HOOFDSTUK 2 Doelstellingen, taken en bevoegdheden
Doel van de regeling is het bewerkstelligen van een kwalitatief hoogwaardige- en een doelmatige uitvoering door de Werkorganisatie CGM van de door de deelnemende gemeenten aan de Werkorganisatie CGM op basis van een jaarlijkse dienstverleningsovereenkomst opgedragen taken. In voorkomende gevallen is het mogelijk dat er tussentijds in een separate deelopdracht taken door de deelnemende gemeenten aan de Werkorganisatie CGM worden opgedragen.

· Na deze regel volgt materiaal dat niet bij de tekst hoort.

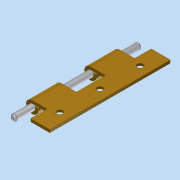
# Autodesk Inventor part: DIV
Saved by Autodesk Inventor 2012 SP1 (Build 160190100, 190)
## iProperties
Created: 2014-07-01
Material: Ms58
Document SubType Name: Modeling
Designer: Eisele
Density: 8.47 g/cm^3
Description: Schanier
Mass: 17.612 g
Surface Area: 32.73 cm^2
Volume: 2.07934 cm^3
Benennung: Schanier
Unterbennenung: 30x26x0,9
Projekt: DIV
Unterprojekt: Schanier
Author: Eisele
Title: DIV
Autodesk Inventor part; units mm, degrees
ref_plane "YZ Plane" through (0, 0, 0) normal (1, 0, 0) x (0, 1, 0)
ref_plane "XZ Plane" through (0, 0, 0) normal (0, 1, 0) x (-1, 0, 0)
ref_plane "XY Plane" through (0, 0, 0) normal (0, 0, 1) x (1, 0, 0)
sketch "Skizze1" plane through (0, 0, 0) normal (0, 1, 0) x (-1, 0, 0)
  line L0 (0, 0) -> (0, 79.9753) construction
  line L1 (0, 0) -> (-80.4332, 0) construction
  line L2 (0, 0) -> (80.1339, 0) construction
  line L3 (0, 0) -> (0, -79.3949) construction
  line L4 (0, 1.55) -> (-17, 1.55)
  line L5 (-17, 1.55) -> (-17, 2.95)
  line L6 (-17, 2.95) -> (0, 2.95)
  arc A0 (-1.3565, 0.75) -> (0, 1.55) centre (0, 0) ccw
  arc A1 (-2.8531, 0.75) -> (0, 2.95) centre (0, 0) ccw
  line L7 (-1.3565, 0.75) -> (-2.8531, 0.75)
  circle A2 centre (0, 0) radius 1.5
  dimension "d0" = 1.4
  dimension "d1" = 5.9
  dimension "d2" = 0.8
  dimension "d3" = 19.95
  dimension "d21" = 0.05
  dimension "d27" = 17
  constraints: 16 end point, 4 perpendicular, 4 point on circle, 3 centre point, 3 coincident, 2 parallel, 2 tangent, 1 collinear, 1 vertical
  measures "d0" distance between parallel lines of L6 L4
  measures "d1" diameter of A1
  measures "d2" distance between parallel lines of L4 L7
  measures "d21" radial gap between concentric circles of A0 A2
  measures "d27" distance from line of L4.end L3
extrude "Extrusion1" add sketch "Skizze1" along normal mid plane 60 contours L4 L5 L6 A1 L7 A0
sketch "Skizze3" plane through (0, 0, 0) normal (0, 0, 1) x (1, 0, 0)
  line L0 (5, -7.25) -> (-9.5, -7.25)
  line L1 (-9.5, -7.25) -> (-9.5, 7.25)
  line L2 (-9.5, 7.25) -> (5, 7.25)
  line L3 (5, 7.25) -> (5, -7.25)
  line L4 (17, 30) -> (17, -30) construction
  line L5 (-11.8, 0) -> (21.8, 0) construction
  point P0 (0, 0)
  dimension "d6" = 12
  dimension "d7" = 14.5
  dimension "d8" = 7.25
  dimension "d9" = 14.5
  constraints: 8 end point, 2 parallel, 1 horizontal, 1 perpendicular
  measures "d6" distance between parallel lines of L4 L3
  measures "d7" distance of L0.end L1.end
  measures "d8" distance between parallel lines of L5 L2
  measures "d9" distance of L1.end L2.end
extrude "Extrusion2" cut sketch "Skizze3" along normal through all both and the other way through all
sketch "Skizze4" plane through (17, 30, 1.55) normal (0, 0, -1) x (-1, 0, 0)
  line L0 (17, -72) -> (17, 12) projected
  line L1 (-3.99, -30) -> (23.94, -30) construction
  line L2 (5, -7.5) -> (5, -52.5) construction
  line L3 (0, 0) -> (0, -60) construction
  point P0 (17, -30)
  point P1 (5, -30)
  dimension "d12" = 45
  dimension "d13" = 5
  constraints: 2 coincident, 2 end point, 1 midpoint, 1 perpendicular, 1 symmetric about line
  measures "d12" distance of L2.start L2.end
  measures "d13" distance between parallel lines of L2 L3
hole "Bohrung1" at (12, 22.5, 1.55) at (12, -22.5, 1.55) at (12, 0, 1.55) direction (0, 0, 1) diameter 3 end through all countersink diameter 4 countersink angle 90
extrude "Extrusion3" add sketch "Skizze1" along normal mid plane 63 separate body contours A2
chamfer "Fase1" distance 0.8 angle 45 2 edges at (1.5, 31.5, 0) (1.5, -31.5, 0)
pattern_linear "Rechteckige Anordnung1" count 3 spacing 29 along (0, 1, 0) of "Extrusion2" first direction both ways yes bodies 1
equation "\"d8\" = 0.5 * d7"
equation "\"d9\" = d7"
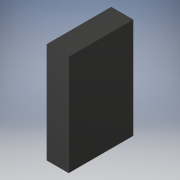
# Autodesk Inventor part: Stepperdriver
Saved by Autodesk Inventor 2019 (Build 230136000, 136)
## iProperties
Created: 2021-11-05
Part Number: Stepperdriver
Material: Generisch
Document SubType Name: Modeling
Designer: Bergi
Density: 1 g/cm^3
Appearance: Glatt - Schwarz
Author: Bergi
Autodesk Inventor part; units mm, degrees
ref_plane "YZ Plane" through (0, 0, 0) normal (1, 0, 0) x (0, 1, 0)
ref_plane "XZ Plane" through (0, 0, 0) normal (0, 1, 0) x (-1, 0, 0)
ref_plane "XY Plane" through (0, 0, 0) normal (0, 0, 1) x (1, 0, 0)
sketch "Skizze1" plane through (0, 0, 0) normal (0, 0, 1) x (1, 0, 0)
  line L0 (-12.75, -59) -> (12.75, -59)
  line L1 (12.75, -59) -> (12.75, 59)
  line L2 (12.75, 59) -> (-12.75, 59)
  line L3 (-12.75, 59) -> (-12.75, -59)
  line L4 (-12.75, -59) -> (12.75, 59) construction
  line L5 (12.75, -59) -> (-12.75, 59) construction
  point P0 (0, 0)
  dimension "d0" = 25.5
  dimension "d1" = 118
  constraints: 12 end point, 2 midpoint, 2 parallel, 1 horizontal, 1 perpendicular
  measures "d0" distance of L2.end L1.end
  measures "d1" distance of L1.end L0.end
extrude "Extrusion1" add sketch "Skizze1" along normal blind 75.5
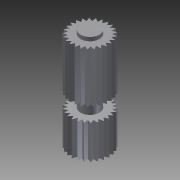
# Autodesk Inventor part: launcher.motor.midgear
Saved by Autodesk Inventor 2011 (Build 150239000, 239)
## iProperties
Created: 2011-04-05
Part Number: launcher.motor.midgear
Document SubType Name: Modeling
Designer: Rob
Density: 1 g/cm^3
Author: Rob
Autodesk Inventor part; units mm, degrees
ref_plane "YZ Plane" through (0, 0, 0) normal (1, 0, 0) x (0, 1, 0)
sketch "Sketch1" plane through (0, 0, 0) normal (0, 0, 1) x (1, 0, 0)
  circle A0 centre (0, 0) radius 0.75
  dimension "d0" = 1.5
  constraints: 1 centre point, 1 coincident
  measures "d0" diameter of A0
extrude "Extrusion1" add sketch "Sketch1" along normal blind 8.4
ref_plane "Work Plane1" through (0, 0, 8.1) normal (0, 0, 1) x (1, 0, 0)
sketch "Sketch2" plane through (0, 0, 8.1) normal (0, 0, 1) x (1, 0, 0)
  circle A0 centre (0, 0) radius 1.25
  dimension "d10" = 2.5
  constraints: 1 centre point, 1 coincident
  measures "d10" diameter of A0
extrude "Extrusion2" add sketch "Sketch2" against normal blind 4
ref_plane "Work Plane2" through (0, 0, 0.3) normal (0, 0, -1) x (-1, 0, 0)
sketch "Sketch3" plane through (0, 0, 0.3) normal (0, 0, -1) x (-1, 0, 0)
  circle A0 centre (0, 0) radius 1.25
  dimension "d7" = 2.5
  constraints: 1 centre point, 1 coincident
  measures "d7" diameter of A0
extrude "Extrusion3" add sketch "Sketch3" against normal blind 2.7
sketch "Sketch4" plane through (0, 0, 0.3) normal (0, 0, -1) x (-1, 0, 0)
  circle A0 centre (0, 0) radius 1.25 projected
  circle A1 centre (0, 0) radius 0.75 projected
  line L0 (0, 0) -> (-2.2024, 0)
  line L1 (-1.5572, 0) -> (-1.2398, -0.1597)
  line L2 (-1.5572, 0) -> (-1.2398, 0.1597)
  arc A2 (-1.2398, 0.1597) -> (-1.2398, -0.1597) centre (0, 0) ccw
  line L3 (-1.2398, -0.1597) -> (-1.5572, 0)
  line L4 (-1.2398, 0.1597) -> (-1.5572, 0)
  arc A3 (-1.2405, -0.1536) -> (-1.1611, -0.463) centre (0, 0) ccw
  line L5 (-1.1611, -0.463) -> (-1.5083, -0.3873)
  line L6 (-1.2405, -0.1536) -> (-1.5083, -0.3873)
  arc A4 (-1.1634, -0.4573) -> (-1.0095, -0.7372) centre (0, 0) ccw
  line L7 (-1.0095, -0.7372) -> (-1.3646, -0.7502)
  line L8 (-1.1634, -0.4573) -> (-1.3646, -0.7502)
  arc A5 (-1.0131, -0.7322) -> (-0.7944, -0.9651) centre (0, 0) ccw
  line L9 (-0.7944, -0.9651) -> (-1.1351, -1.066)
  line L10 (-1.0131, -0.7322) -> (-1.1351, -1.066)
  arc A6 (-0.7992, -0.9612) -> (-0.5294, -1.1323) centre (0, 0) ccw
  line L11 (-0.5294, -1.1323) -> (-0.8344, -1.3148)
  line L12 (-0.7992, -0.9612) -> (-0.8344, -1.3148)
  arc A7 (-0.535, -1.1297) -> (-0.2312, -1.2284) centre (0, 0) ccw
  line L13 (-0.2312, -1.2284) -> (-0.4812, -1.481)
  line L14 (-0.535, -1.1297) -> (-0.4812, -1.481)
  arc A8 (-0.2373, -1.2273) -> (0.0816, -1.2473) centre (0, 0) ccw
  line L15 (0.0816, -1.2473) -> (-0.0978, -1.5541)
  line L16 (-0.2373, -1.2273) -> (-0.0978, -1.5541)
  arc A9 (0.0754, -1.2477) -> (0.3892, -1.1879) centre (0, 0) ccw
  line L17 (0.3892, -1.1879) -> (0.2918, -1.5296)
  line L18 (0.0754, -1.2477) -> (0.2918, -1.5296)
  arc A10 (0.3833, -1.1898) -> (0.6724, -1.0538) centre (0, 0) ccw
  line L19 (0.6724, -1.0538) -> (0.663, -1.409)
  line L20 (0.3833, -1.1898) -> (0.663, -1.409)
  arc A11 (0.6672, -1.0571) -> (0.9133, -0.8534) centre (0, 0) ccw
  line L21 (0.9133, -0.8534) -> (0.9926, -1.1998)
  line L22 (0.6672, -1.0571) -> (0.9926, -1.1998)
  arc A12 (0.9091, -0.8579) -> (1.0969, -0.5995) centre (0, 0) ccw
  line L23 (1.0969, -0.5995) -> (1.2598, -0.9153)
  line L24 (0.9091, -0.8579) -> (1.2598, -0.9153)
  arc A13 (1.0939, -0.6049) -> (1.2115, -0.3079) centre (0, 0) ccw
  line L25 (1.2115, -0.3079) -> (1.4478, -0.5732)
  line L26 (1.0939, -0.6049) -> (1.4478, -0.5732)
  arc A14 (1.21, -0.3139) -> (1.25, 0.0031) centre (0, 0) ccw
  line L27 (1.25, 0.0031) -> (1.5449, -0.1952)
  line L28 (1.21, -0.3139) -> (1.5449, -0.1952)
  arc A15 (1.25, -0.0031) -> (1.21, 0.3139) centre (0, 0) ccw
  line L29 (1.21, 0.3139) -> (1.5449, 0.1952)
  line L30 (1.25, -0.0031) -> (1.5449, 0.1952)
  arc A16 (1.2115, 0.3079) -> (1.0939, 0.6049) centre (0, 0) ccw
  line L31 (1.0939, 0.6049) -> (1.4478, 0.5732)
  line L32 (1.2115, 0.3079) -> (1.4478, 0.5732)
  arc A17 (1.0969, 0.5995) -> (0.9091, 0.8579) centre (0, 0) ccw
  line L33 (0.9091, 0.8579) -> (1.2598, 0.9153)
  line L34 (1.0969, 0.5995) -> (1.2598, 0.9153)
  arc A18 (0.9133, 0.8534) -> (0.6672, 1.0571) centre (0, 0) ccw
  line L35 (0.6672, 1.0571) -> (0.9926, 1.1998)
  line L36 (0.9133, 0.8534) -> (0.9926, 1.1998)
  arc A19 (0.6724, 1.0538) -> (0.3833, 1.1898) centre (0, 0) ccw
  line L37 (0.3833, 1.1898) -> (0.663, 1.409)
  line L38 (0.6724, 1.0538) -> (0.663, 1.409)
  arc A20 (0.3892, 1.1879) -> (0.0754, 1.2477) centre (0, 0) ccw
  line L39 (0.0754, 1.2477) -> (0.2918, 1.5296)
  line L40 (0.3892, 1.1879) -> (0.2918, 1.5296)
  arc A21 (0.0816, 1.2473) -> (-0.2373, 1.2273) centre (0, 0) ccw
  line L41 (-0.2373, 1.2273) -> (-0.0978, 1.5541)
  line L42 (0.0816, 1.2473) -> (-0.0978, 1.5541)
  arc A22 (-0.2312, 1.2284) -> (-0.535, 1.1297) centre (0, 0) ccw
  line L43 (-0.535, 1.1297) -> (-0.4812, 1.481)
  line L44 (-0.2312, 1.2284) -> (-0.4812, 1.481)
  arc A23 (-0.5294, 1.1323) -> (-0.7992, 0.9612) centre (0, 0) ccw
  line L45 (-0.7992, 0.9612) -> (-0.8344, 1.3148)
  line L46 (-0.5294, 1.1323) -> (-0.8344, 1.3148)
  arc A24 (-0.7944, 0.9651) -> (-1.0131, 0.7322) centre (0, 0) ccw
  line L47 (-1.0131, 0.7322) -> (-1.1351, 1.066)
  line L48 (-0.7944, 0.9651) -> (-1.1351, 1.066)
  arc A25 (-1.0095, 0.7372) -> (-1.1634, 0.4573) centre (0, 0) ccw
  line L49 (-1.1634, 0.4573) -> (-1.3646, 0.7502)
  line L50 (-1.0095, 0.7372) -> (-1.3646, 0.7502)
  arc A26 (-1.1611, 0.463) -> (-1.2405, 0.1536) centre (0, 0) ccw
  line L51 (-1.2405, 0.1536) -> (-1.5083, 0.3873)
  line L52 (-1.1611, 0.463) -> (-1.5083, 0.3873)
  dimension "d13" = 360
  constraints: 106 end point, 50 point on circle, 25 centre point, 2 coincident, 2 collinear, 1 horizontal, 1 point on line, 1 symmetric about line, 176 other
extrude "Extrusion4" add sketch "Sketch4" against normal up to surface (2.7 mm away) contours A0 L27 L30 | A0 L32 L29 L30 L27 | L30 L27 L28 L25 A0 | A0 L29 L32 | L25 L28 A0 | A0 L34 L31 L32 L29 | L28 L25 L26 L23 A0 | A0 L31 L34 | L23 L26 A0 | A0 L36 L33 L34 L31 | L26 L23 L24 L21 A0 | A0 L33 L36 | L21 L24 A0 | A0 L38 L35 L36 L33 | L24 L21 L22 L19 A0 | A0 L35 L38 | L19 L22 A0 | A0 L40 L37 L38 L35 | L22 L19 L20 L17 A0 | A0 L37 L40 | L17 L20 A0 | A0 L42 L39 L40 L37 | L20 L17 L18 L15 A0 | A0 L39 L42 | L15 L18 A0 | A0 L44 L41 L42 L39 | L18 L15 L16 L13 A0 | A0 L41 L44 | L13 L16 A0 | A0 L46 L43 L44 L41 | L16 L13 L14 L11 A0 | A0 L43 L46 | L11 L14 A0 | A0 L48 L45 L46 L43 | L14 L11 L12 L9 A0 | A0 L45 L48 | L9 L12 A0 | A0 L50 L47 L48 L45 | L12 L9 L10 L7 A0 | A0 L47 L50 | L7 L10 A0 | A0 L52 L49 L50 L47 | L10 L7 L8 L5 A0 | A0 L49 L52 | L5 L8 A0 | A0 L2 L51 L52 L49 | L8 L5 L6 L1 A0 | A0 L51 L2 | L1 L6 A0 | A0 L0 L2 L51 | L6 L1 L0 A0
sketch "Sketch5" plane through (0, 0, 8.1) normal (0, 0, 1) x (1, 0, 0)
  circle A0 centre (0, 0) radius 1.25
  circle A1 centre (0, 0) radius 0.75
  line L0 (0, 0) -> (-2.2024, 0)
  line L1 (-1.5572, 0) -> (-1.2398, -0.1597)
  line L2 (-1.5572, 0) -> (-1.2398, 0.1597)
  arc A2 (-1.2398, 0.1597) -> (-1.2398, -0.1597) centre (0, 0) ccw
  line L3 (-1.2398, -0.1597) -> (-1.5572, 0)
  line L4 (-1.2398, 0.1597) -> (-1.5572, 0)
  line L5 (-1.1611, -0.463) -> (-1.5083, -0.3873)
  line L6 (-1.2405, -0.1536) -> (-1.5083, -0.3873)
  arc A3 (-1.2405, -0.1536) -> (-1.1611, -0.463) centre (0, 0) ccw
  line L7 (-1.0095, -0.7372) -> (-1.3646, -0.7502)
  line L8 (-1.1634, -0.4573) -> (-1.3646, -0.7502)
  arc A4 (-1.1634, -0.4573) -> (-1.0095, -0.7372) centre (0, 0) ccw
  line L9 (-0.7944, -0.9651) -> (-1.1351, -1.066)
  line L10 (-1.0131, -0.7322) -> (-1.1351, -1.066)
  arc A5 (-1.0131, -0.7322) -> (-0.7944, -0.9651) centre (0, 0) ccw
  line L11 (-0.5294, -1.1323) -> (-0.8344, -1.3148)
  line L12 (-0.7992, -0.9612) -> (-0.8344, -1.3148)
  arc A6 (-0.7992, -0.9612) -> (-0.5294, -1.1323) centre (0, 0) ccw
  line L13 (-0.2312, -1.2284) -> (-0.4812, -1.481)
  line L14 (-0.535, -1.1297) -> (-0.4812, -1.481)
  arc A7 (-0.535, -1.1297) -> (-0.2312, -1.2284) centre (0, 0) ccw
  line L15 (0.0816, -1.2473) -> (-0.0978, -1.5541)
  line L16 (-0.2373, -1.2273) -> (-0.0978, -1.5541)
  arc A8 (-0.2373, -1.2273) -> (0.0816, -1.2473) centre (0, 0) ccw
  line L17 (0.3892, -1.1879) -> (0.2918, -1.5296)
  line L18 (0.0754, -1.2477) -> (0.2918, -1.5296)
  arc A9 (0.0754, -1.2477) -> (0.3892, -1.1879) centre (0, 0) ccw
  line L19 (0.6724, -1.0538) -> (0.663, -1.409)
  line L20 (0.3833, -1.1898) -> (0.663, -1.409)
  arc A10 (0.3833, -1.1898) -> (0.6724, -1.0538) centre (0, 0) ccw
  line L21 (0.9133, -0.8534) -> (0.9926, -1.1998)
  line L22 (0.6672, -1.0571) -> (0.9926, -1.1998)
  arc A11 (0.6672, -1.0571) -> (0.9133, -0.8534) centre (0, 0) ccw
  line L23 (1.0969, -0.5995) -> (1.2598, -0.9153)
  line L24 (0.9091, -0.8579) -> (1.2598, -0.9153)
  arc A12 (0.9091, -0.8579) -> (1.0969, -0.5995) centre (0, 0) ccw
  line L25 (1.2115, -0.3079) -> (1.4478, -0.5732)
  line L26 (1.0939, -0.6049) -> (1.4478, -0.5732)
  arc A13 (1.0939, -0.6049) -> (1.2115, -0.3079) centre (0, 0) ccw
  line L27 (1.25, 0.0031) -> (1.5449, -0.1952)
  line L28 (1.21, -0.3139) -> (1.5449, -0.1952)
  arc A14 (1.21, -0.3139) -> (1.25, 0.0031) centre (0, 0) ccw
  line L29 (1.21, 0.3139) -> (1.5449, 0.1952)
  line L30 (1.25, -0.0031) -> (1.5449, 0.1952)
  arc A15 (1.25, -0.0031) -> (1.21, 0.3139) centre (0, 0) ccw
  line L31 (1.0939, 0.6049) -> (1.4478, 0.5732)
  line L32 (1.2115, 0.3079) -> (1.4478, 0.5732)
  arc A16 (1.2115, 0.3079) -> (1.0939, 0.6049) centre (0, 0) ccw
  line L33 (0.9091, 0.8579) -> (1.2598, 0.9153)
  line L34 (1.0969, 0.5995) -> (1.2598, 0.9153)
  arc A17 (1.0969, 0.5995) -> (0.9091, 0.8579) centre (0, 0) ccw
  line L35 (0.6672, 1.0571) -> (0.9926, 1.1998)
  line L36 (0.9133, 0.8534) -> (0.9926, 1.1998)
  arc A18 (0.9133, 0.8534) -> (0.6672, 1.0571) centre (0, 0) ccw
  line L37 (0.3833, 1.1898) -> (0.663, 1.409)
  line L38 (0.6724, 1.0538) -> (0.663, 1.409)
  arc A19 (0.6724, 1.0538) -> (0.3833, 1.1898) centre (0, 0) ccw
  line L39 (0.0754, 1.2477) -> (0.2918, 1.5296)
  line L40 (0.3892, 1.1879) -> (0.2918, 1.5296)
  arc A20 (0.3892, 1.1879) -> (0.0754, 1.2477) centre (0, 0) ccw
  line L41 (-0.2373, 1.2273) -> (-0.0978, 1.5541)
  line L42 (0.0816, 1.2473) -> (-0.0978, 1.5541)
  arc A21 (0.0816, 1.2473) -> (-0.2373, 1.2273) centre (0, 0) ccw
  line L43 (-0.535, 1.1297) -> (-0.4812, 1.481)
  line L44 (-0.2312, 1.2284) -> (-0.4812, 1.481)
  arc A22 (-0.2312, 1.2284) -> (-0.535, 1.1297) centre (0, 0) ccw
  line L45 (-0.7992, 0.9612) -> (-0.8344, 1.3148)
  line L46 (-0.5294, 1.1323) -> (-0.8344, 1.3148)
  arc A23 (-0.5294, 1.1323) -> (-0.7992, 0.9612) centre (0, 0) ccw
  line L47 (-1.0131, 0.7322) -> (-1.1351, 1.066)
  line L48 (-0.7944, 0.9651) -> (-1.1351, 1.066)
  arc A24 (-0.7944, 0.9651) -> (-1.0131, 0.7322) centre (0, 0) ccw
  line L49 (-1.1634, 0.4573) -> (-1.3646, 0.7502)
  line L50 (-1.0095, 0.7372) -> (-1.3646, 0.7502)
  arc A25 (-1.0095, 0.7372) -> (-1.1634, 0.4573) centre (0, 0) ccw
  line L51 (-1.2405, 0.1536) -> (-1.5083, 0.3873)
  line L52 (-1.1611, 0.463) -> (-1.5083, 0.3873)
  arc A26 (-1.1611, 0.463) -> (-1.2405, 0.1536) centre (0, 0) ccw
  dimension "d19" = 360
  constraints: 106 end point, 50 point on circle, 26 centre point, 2 coincident, 2 collinear, 1 horizontal, 1 point on line, 1 symmetric about line, 177 other
extrude "Extrusion5" add sketch "Sketch5" against normal up to surface (4 mm away) contours A0 L27 L30 | A0 L32 L29 L30 L27 | L30 L27 L28 L25 A0 | A0 L29 L32 | L25 L28 A0 | A0 L34 L31 L32 L29 | L28 L25 L26 L23 A0 | A0 L31 L34 | L23 L26 A0 | A0 L36 L33 L34 L31 | L26 L23 L24 L21 A0 | A0 L33 L36 | L21 L24 A0 | A0 L38 L35 L36 L33 | L24 L21 L22 L19 A0 | A0 L35 L38 | L19 L22 A0 | A0 L40 L37 L38 L35 | L22 L19 L20 L17 A0 | A0 L37 L40 | L17 L20 A0 | A0 L42 L39 L40 L37 | L20 L17 L18 L15 A0 | A0 L39 L42 | L15 L18 A0 | A0 L44 L41 L42 L39 | L18 L15 L16 L13 A0 | A0 L41 L44 | L13 L16 A0 | A0 L46 L43 L44 L41 | L16 L13 L14 L11 A0 | A0 L43 L46 | L11 L14 A0 | A0 L48 L45 L46 L43 | L14 L11 L12 L9 A0 | A0 L45 L48 | L9 L12 A0 | A0 L50 L47 L48 L45 | L12 L9 L10 L7 A0 | A0 L47 L50 | L7 L10 A0 | A0 L52 L49 L50 L47 | L10 L7 L8 L5 A0 | A0 L49 L52 | L5 L8 A0 | A0 L2 L51 L52 L49 | L8 L5 L6 L1 A0 | A0 L51 L2 | L1 L6 A0 | A0 L0 L2 L51 | L6 L1 L0 A0
body "Solid1"

Artikel 4 Taken Werkorganisatie CGM-gemeenten
De deelnemers laten overeenkomstig het bepaalde in artikel 3 van deze regeling door de Werkorganisatie CGM alle taken uitvoeren die op grond van wet- en regelgeving aan de gemeenten zijn c.q. worden toegekend met uitzondering van de taken die op basis van andere (wettelijke) regelingen op andere wijze worden uitgevoerd.
De deelnemende gemeenten zijn gehouden in alle gevallen de diensten en producten, die behoren bij de overeengekomen taken, af te nemen. Een deelnemer mag bepaalde taken of aspecten daarvan pas zelf uitvoeren dan wel aan een andere uitvoerder uitbesteden na unanieme besluitvorming hierover door het Algemeen Bestuur. In dit afstemmingsoverleg zal aangetoond moeten worden waarom de betreffende taken of aspecten daarvan niet of in onvoldoende mate door de Werkorganisatie CGM uitgevoerd kunnen worden. Tevens dient te worden aangegeven of er aan deze eigen uitvoering financiële consequenties zijn verbonden voor de werkorganisatie CGM en op welke wijze en termijn er wordt voorzien in een afbouwregeling ter compensatie van deze kosten.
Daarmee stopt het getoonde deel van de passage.